- Your instructions -
From the entries, return every line where the string "join" shows up.

--

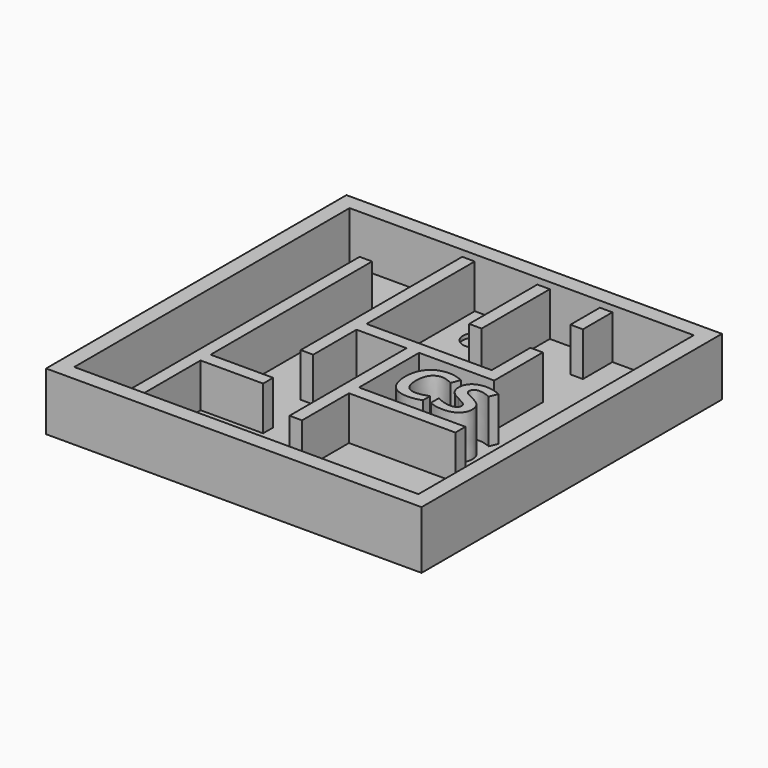
from build123d import *

# Parameters (mm, degrees)
F0_W         = 38.1
F0_H         = 38.1
F1_DEPTH     = 0.79375
F2_W         = 38.1
F2_H         = 38.1
F2_W_2       = 34.925
F2_H_2       = 34.925
F3_DEPTH     = 5.08
F4_W         = 1.27
F4_H         = 8.6465569052
F4_H_2       = 3.7410819112
F5_DEPTH     = 4.445
F6_R         = 1.27
F7_DEPTH     = 0.396875
F8_TEXT_SIZE = 7.0555555556
F9_DEPTH     = 4.445


# Not quite as in the source:
# - Text() gives the source's letters only with a copy of the font that has no kerning and outlines rounded to 1/6400 em; it was checked with that copy


with BuildPart() as f1:
    # F0 (on Top) → F1 (new body)
    with BuildSketch(Plane.XY):
        with Locations((-18.8805037178, 6.3850041287)):
            Rectangle(F0_W, F0_H)
    extrude(amount=F1_DEPTH)

    # F2 (on face) → F3 (join)
    with BuildSketch(Plane.XY.offset(0.79375)):
        with Locations((-18.8805037178, 6.3850041287)):
            Rectangle(F2_W, F2_H)
        with Locations((-18.8805037178, 6.3850041287)):
            Rectangle(F2_W_2, F2_H_2, mode=Mode.SUBTRACT)
    extrude(amount=F3_DEPTH)

    # F4 (on face) → F5 (join)
    with BuildSketch(Plane.XY.offset(0.79375)):
        Polygon((-31.2630037178, 18.7675041287), (-31.2630037178, -11.0774958713), (-29.9930037178, -11.0774958713), (-29.9930037178, -2.9915180057), (-23.6430037178, -2.9915180057), (-23.6430037178, -1.7215180057), (-29.9930037178, -1.7215180057), (-29.9930037178, 18.7675041287), align=None)
        Polygon((-23.6430037178, 23.8475041287), (-24.9130037178, 23.8475041287), (-24.9130037178, 3.3584819943), (-23.6430037178, 3.3584819943), (-23.6430037178, 8.8509472235), (-18.5630037178, 8.8509472235), (-18.5630037178, -5.9974958713), (-17.2930037178, -5.9974958713), (-17.2930037178, -0.0390527765), (-6.4980037178, -0.0390527765), (-6.4980037178, 1.2309472235), (-17.2930037178, 1.2309472235), (-17.2930037178, 8.8509472235), (-9.6730037178, 8.8509472235), (-9.6730037178, 10.1209472235), (-9.6730037178, 15.0264222175), (-10.9430037178, 15.0264222175), (-10.9430037178, 10.1209472235), (-23.6430037178, 10.1209472235), align=None)
        with Locations((-16.6580037178, 19.5242256761)):
            Rectangle(F4_W, F4_H)
        with Locations((-10.3080037178, 21.9769631731)):
            Rectangle(F4_W, F4_H_2)
    extrude(amount=F5_DEPTH)

    # F6 (on face) → F7 (cut)
    with BuildSketch(Plane.XY.offset(0.79375)):
        with Locations((-33.8030037178, -7.2346003726)):
            Circle(F6_R)
        with Locations((-20.4680037178, 19.982073456)):
            Circle(F6_R)
    extrude(amount=-F7_DEPTH, mode=Mode.SUBTRACT)

    # F8 (on face) → F9 (join)
    with BuildSketch(Plane.XY.offset(0.79375)):
        with Locations((-16.0230037178, 2.5009472235)):
            Text('CS', F8_TEXT_SIZE, font='Open Sans', font_style=FontStyle.BOLD, text_align=(TextAlign.LEFT, TextAlign.BOTTOM))
    extrude(amount=F9_DEPTH)


solid = f1.part
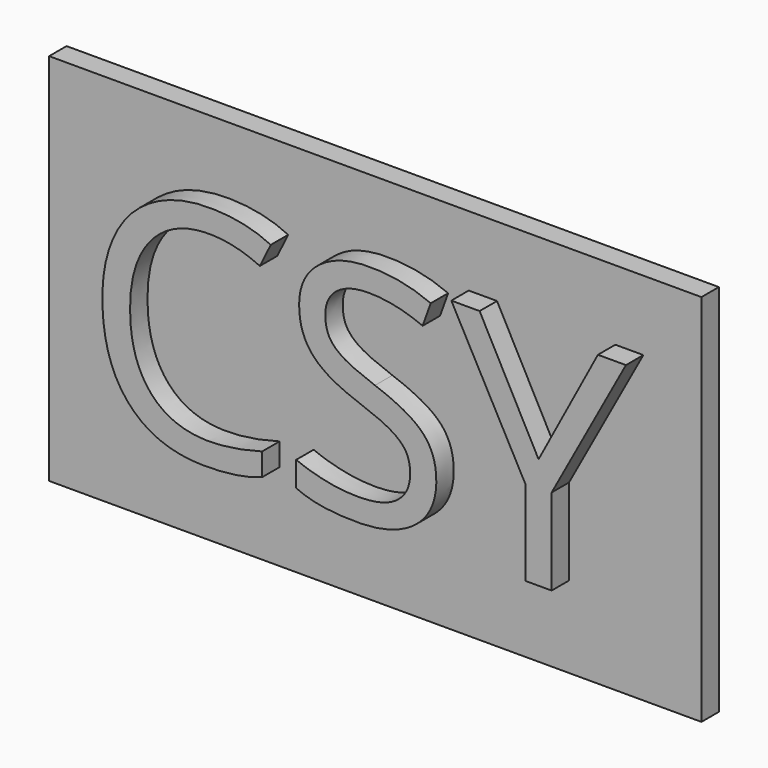
from build123d import *

# Parameters (mm, degrees)
F0_W         = 76.0463699698
F0_H         = 43.5999184847
F1_DEPTH     = 2.54
F2_TEXT_SIZE = 36.3588708246
F3_DEPTH     = 2.54


# Not quite as in the source:
# - Text() gives the source's letters only with a copy of the font that has no kerning and outlines rounded to 1/6400 em; it was checked with that copy


with BuildPart() as f1:
    # F0 (on Front) → F1 (new body)
    with BuildSketch(Plane.XZ):
        with Locations((38.0231849849, 21.7999592423)):
            Rectangle(F0_W, F0_H)
    extrude(amount=F1_DEPTH)

    # F2 (on face) → F3 (join)
    with BuildSketch(Plane.XZ.offset(2.54)):
        with Locations((6.0179363936, 9.4942739233)):
            Text('CSY', F2_TEXT_SIZE, font='Open Sans', text_align=(TextAlign.LEFT, TextAlign.BOTTOM))
    extrude(amount=F3_DEPTH)


solid = f1.part

--

- Solution -
    # F2 (on face) → F3 (join)
    # F4 (on face) → F5 (join)
    # F8 (on face) → F9 (join)
    # F2 (on face) → F3 (join)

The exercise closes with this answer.